Harry Potter and the Goblet of Fire

By: Dr. John Ankerberg; ©1999
Book 4 starts with murder. Tom Riddle, Sr. (Voldemort’s father) is dead. He was murdered, along with his father and mother, 50 years ago in town of Little Hangleton. The gardener, Frank Bryce, was suspected of being the murderer, although there was never any evidence to convict him.

 

Harry Potter and the Goblet of Fire

Voldemort is hiding out in the old Riddle homestead along with his faithful servant Wormtail and his snake Nagini. He needs to drink Nagini’s venom on a regular basis to survive. Frank Bryce hears him talking to Wormtail about how and why he killed Bertha Jorkins. (p. 10) Frank is discovered by Nagini, and is then killed by Voldemort. (p. 15)

200 miles away, Harry is startled out of his sleep by visions of this scene. Our Harry has developed pretty strong powers of ESP. And his scar starts hurting—a sure sign that Voldemort is near, or up to no good.

We find out, by way of a letter to Sirius that this summer has been better for Harry at the Dursleys. They are “terrified [Sirius Black—Harry’s godfather, who is still presumed to be a dangerous murderer] might turn up and turn them all into bats if I ask you to.” (p. 25)

Harry is invited to go to the Quidditch World Cup with the Weasleys (Ron’s family). He uses Sirius’s reputation to get permission from Uncle Vernon to go (although Ron promises to come get him anyway, even if Uncle Vernon says no (p. 36)—another example of disregard for authority—especially Muggle authority).

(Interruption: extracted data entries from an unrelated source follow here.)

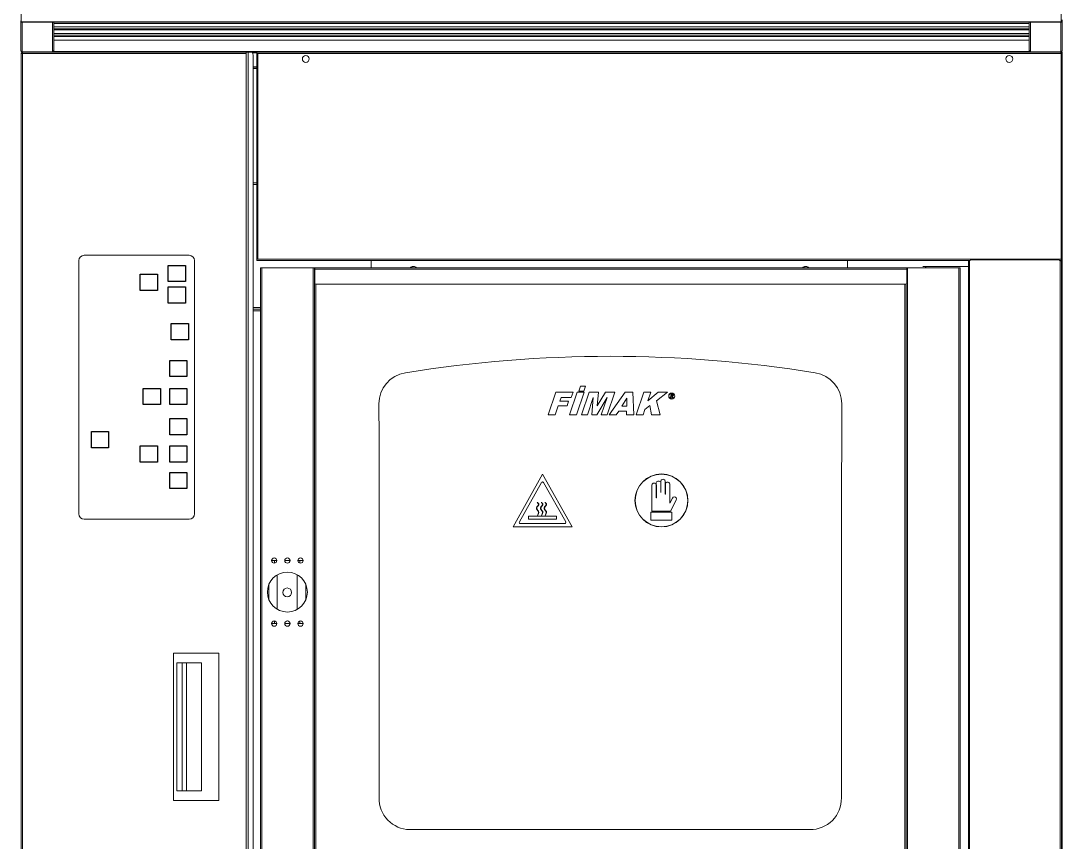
# Model space of a CAD drawing. Header units: millimetres. Extents: x 54215 to 67697, y 23496 to 56611.
# Drawn here: x 57309 to 57408, y 38877.1 to 38955.2 of the extents above; entities that cross this region are included whole.
import ezdxf

# ---------------------------------------------------------------- set-up
doc = ezdxf.new("R2010")
doc.units = ezdxf.units.MM
doc.layers.add('no3_ahsap gorunus arka kalın', color=43, linetype='Continuous', lineweight=15)
doc.layers.add('t_mutfakekipmans2000', color=165, linetype='Continuous')

# ---------------------------------------------------------------- blocks, each defined once
blk = doc.blocks.new('fırın')
at = {"layer": 't_mutfakekipmans2000', "linetype": 'Continuous', "lineweight": 0}
for p, q in [((9699.523, -365.822), (9699.523, -367.836)), ((9798.423, -367.836), (9798.423, -365.822)), ((9699.502, -367.74), (9699.502, -367.716)), ((9699.502, -370.538), (9699.502, -367.74)), ((9699.523, -367.836), (9798.423, -367.836)), ((9699.632, -367.836), (9699.632, -367.869)), ((9699.715, -367.87), (9699.632, -367.869)), ((9699.632, -370.667), (9699.632, -367.869)), ((9699.715, -367.836), (9699.715, -367.87)), ((9699.726, -367.861), (9699.715, -367.87)), ((9699.726, -367.836), (9699.726, -367.861)), ((9702.501, -367.861), (9699.726, -367.861)), ((9702.501, -367.836), (9702.501, -367.861)), ((9702.501, -370.67), (9702.501, -367.861)), ((9702.631, -370.541), (9702.631, -367.836)), ((9702.631, -367.85), (9795.398, -367.85)), ((9702.631, -367.971), (9795.398, -367.971)), ((9702.631, -368.3), (9795.398, -368.3)), ((9702.631, -368.3), (9795.398, -368.3)), ((9795.398, -370.541), (9795.398, -367.836)), ((9795.528, -367.861), (9795.528, -367.836)), ((9795.528, -370.67), (9795.528, -367.861)), ((9795.528, -367.861), (9798.303, -367.861)), ((9798.303, -367.861), (9798.303, -367.836)), ((9798.303, -367.861), (9798.314, -367.87)), ((9798.314, -367.87), (9798.314, -367.836)), ((9798.314, -367.87), (9798.397, -367.869)), ((9798.397, -367.869), (9798.397, -367.836)), ((9798.397, -370.667), (9798.397, -367.869)), ((9798.527, -367.74), (9798.407, -367.74)), ((9798.527, -367.74), (9798.527, -367.65)), ((9798.527, -370.538), (9798.527, -367.74)), ((9702.631, -368.478), (9795.398, -368.478)), ((9702.631, -368.599), (9795.398, -368.599)), ((9702.631, -368.928), (9795.398, -368.928)), ((9702.631, -368.928), (9795.398, -368.928)), ((9702.631, -369.106), (9795.398, -369.106)), ((9702.631, -369.227), (9795.398, -369.227)), ((9702.631, -369.556), (9795.398, -369.556)), ((9702.631, -369.557), (9795.398, -369.557)), ((9702.643, -369.557), (9702.643, -370.545)), ((9795.386, -369.557), (9795.386, -370.545)), ((9699.502, -370.541), (9699.502, -370.538)), ((9699.502, -370.545), (9699.502, -370.541)), ((9699.502, -370.574), (9699.502, -370.545)), ((9699.543, -370.835), (9699.543, -370.776)), ((9699.543, -370.776), (9699.663, -370.776)), ((9699.543, -454.635), (9699.543, -370.835)), ((9699.543, -370.835), (9699.664, -370.835)), ((9699.632, -370.675), (9699.603, -370.675)), ((9699.632, -370.667), (9702.501, -370.67)), ((9702.513, -370.675), (9699.632, -370.675)), ((9699.663, -370.716), (9699.644, -370.716)), ((9699.644, -370.716), (9699.644, -370.776)), ((9699.663, -370.776), (9699.663, -370.675)), ((9699.663, -370.835), (9699.663, -370.776)), ((9699.663, -370.776), (9699.664, -370.776)), ((9720.921, -370.714), (9699.664, -370.714)), ((9699.664, -370.835), (9699.664, -370.714)), ((9699.664, -454.635), (9699.664, -370.835)), ((9699.664, -370.835), (9720.921, -370.835)), ((9702.758, -370.656), (9702.557, -370.656)), ((9721.378, -370.656), (9702.557, -370.656)), ((9702.756, -370.645), (9702.619, -370.618)), ((9702.756, -370.645), (9795.273, -370.645)), ((9720.921, -370.714), (9720.921, -454.714)), ((9720.921, -370.714), (9721.125, -370.714)), ((9721.125, -370.714), (9721.125, -454.714)), ((9721.484, -370.714), (9721.125, -370.714)), ((9721.378, -370.714), (9721.378, -370.656)), ((9721.53, -370.746), (9721.942, -370.746)), ((9721.942, -370.756), (9721.536, -370.756)), ((9721.542, -370.766), (9721.942, -370.766)), ((9721.587, -372.514), (9721.587, -371.014)), ((9721.942, -370.656), (9721.942, -370.766)), ((9795.472, -370.656), (9721.942, -370.656)), ((9721.942, -370.824), (9721.942, -370.714)), ((9721.942, -370.714), (9798.396, -370.714)), ((9721.942, -372.104), (9721.942, -370.766)), ((9721.942, -370.766), (9721.942, -370.766)), ((9721.942, -370.824), (9722.052, -370.824)), ((9721.942, -370.824), (9721.942, -390.414)), ((9722.052, -370.824), (9798.417, -370.824)), ((9722.052, -370.824), (9722.052, -390.414)), ((9795.41, -370.618), (9795.273, -370.645)), ((9795.516, -370.675), (9798.397, -370.675)), ((9798.397, -370.667), (9795.528, -370.67)), ((9796.116, -370.675), (9796.116, -370.688)), ((9796.207, -370.714), (9796.207, -370.675)), ((9796.285, -370.688), (9796.265, -370.707)), ((9796.285, -370.688), (9796.266, -370.675)), ((9796.304, -370.714), (9796.376, -370.714)), ((9796.376, -370.714), (9796.376, -370.714)), ((9796.567, -370.675), (9796.567, -370.714)), ((9798.321, -370.675), (9798.321, -370.714)), ((9798.417, -370.714), (9798.396, -370.714)), ((9798.397, -370.675), (9798.426, -370.675)), ((9798.417, -370.714), (9798.417, -370.814)), ((9798.417, -370.824), (9798.527, -370.824)), ((9798.417, -390.414), (9798.417, -370.824)), ((9798.427, -370.675), (9798.427, -370.714)), ((9798.527, -370.541), (9798.527, -370.538)), ((9798.527, -370.545), (9798.527, -370.541)), ((9798.527, -370.574), (9798.527, -370.545)), ((9798.527, -370.825), (9798.527, -370.775)), ((9798.527, -390.414), (9798.527, -370.824)), ((9721.942, -372.107), (9721.587, -372.107)), ((9721.942, -372.117), (9721.587, -372.117)), ((9721.942, -372.217), (9721.587, -372.217)), ((9721.587, -372.265), (9721.942, -372.265)), ((9721.942, -372.104), (9721.942, -372.214)), ((9721.942, -372.104), (9721.942, -372.104)), ((9721.942, -372.214), (9721.942, -372.214)), ((9721.587, -372.514), (9721.587, -452.914)), ((9721.593, -372.514), (9721.587, -372.514)), ((9721.593, -372.514), (9721.593, -452.914)), ((9721.593, -383.138), (9721.942, -383.138)), ((9721.942, -383.289), (9721.593, -383.289)), ((9715.52, -390.035), (9705.519, -390.035)), ((9705.02, -390.535), (9705.02, -414.635)), ((9716.02, -414.635), (9716.02, -390.535)), ((9721.942, -390.414), (9721.942, -390.524)), ((9721.942, -390.414), (9722.052, -390.414)), ((9721.942, -390.524), (9789.783, -390.524)), ((9722.052, -390.414), (9798.417, -390.414)), ((9732.827, -390.524), (9732.827, -390.534)), ((9732.827, -390.534), (9778.127, -390.534)), ((9732.827, -391.216), (9732.827, -390.534)), ((9736.748, -391.092), (9736.56, -391.216)), ((9737.074, -391.169), (9736.931, -391.098)), ((9774.048, -391.092), (9773.86, -391.216)), ((9774.374, -391.169), (9774.231, -391.098)), ((9778.127, -390.534), (9778.127, -390.524)), ((9778.127, -390.534), (9778.127, -391.216)), ((9785.541, -391.096), (9785.277, -391.096)), ((9785.541, -391.096), (9785.567, -391.096)), ((9785.541, -391.216), (9785.541, -391.096)), ((9789.608, -391.096), (9785.567, -391.096)), ((9785.567, -391.216), (9785.567, -391.096)), ((9789.608, -391.096), (9789.608, -390.524)), ((9789.608, -391.096), (9789.608, -450.796)), ((9789.608, -391.096), (9789.608, -391.096)), ((9789.609, -390.547), (9789.609, -390.524)), ((9789.609, -452.06), (9789.609, -390.547)), ((9789.609, -390.547), (9789.729, -390.547)), ((9789.729, -390.547), (9789.729, -390.524)), ((9789.73, -452.06), (9789.73, -390.547)), ((9789.819, -390.457), (9789.819, -390.434)), ((9789.819, -390.457), (9798.249, -390.457)), ((9798.284, -390.524), (9798.427, -390.524)), ((9798.338, -390.547), (9798.338, -454.546)), ((9798.339, -390.524), (9798.339, -390.547)), ((9798.339, -390.547), (9798.459, -390.547)), ((9798.427, -390.414), (9798.417, -390.414)), ((9798.527, -390.414), (9798.427, -390.414)), ((9798.427, -390.414), (9798.427, -390.524)), ((9798.427, -390.447), (9798.459, -390.447)), ((9798.459, -390.447), (9798.459, -390.547)), ((9798.459, -390.547), (9798.459, -454.546)), ((9798.527, -390.414), (9798.527, -448.916)), ((9722.278, -391.216), (9722.278, -452.916)), ((9722.408, -391.216), (9722.278, -391.216)), ((9722.408, -391.216), (9722.408, -452.916)), ((9722.408, -391.216), (9727.291, -391.216)), ((9727.421, -391.216), (9727.291, -391.216)), ((9727.291, -391.216), (9727.291, -452.916)), ((9727.421, -391.216), (9727.421, -452.796)), ((9727.431, -391.216), (9727.421, -391.216)), ((9727.431, -391.216), (9727.442, -391.216)), ((9727.431, -391.216), (9727.431, -452.796)), ((9727.442, -391.216), (9727.442, -391.316)), ((9727.442, -391.216), (9727.45, -391.216)), ((9727.442, -391.316), (9727.45, -391.316)), ((9727.45, -391.337), (9727.45, -391.216)), ((9727.45, -391.216), (9783.684, -391.216)), ((9727.45, -391.337), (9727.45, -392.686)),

The Weasleys arrive to pick him up using Floo powder (p. 43). They come in through the fireplace—much to the shock of the Dursleys—and leave the same way.

We learn that 100,000 wizards are expected to show up for the World Cup, and there has been “a massive organizational problem” in setting everything up: finding a place big enough, getting all the wizards there without the Muggles catching on! (p. 69)

Harry and the Weasleys will travel by way of Portkey: “They’re objects that are used to transport wizards from one spot to another at a prearranged time…. They can be anything…. Unobtrusive things, obviously, so Muggles don’t go picking them up and playing with them….” (p. 70) Other wizards will “apparate”—another form of astral travel.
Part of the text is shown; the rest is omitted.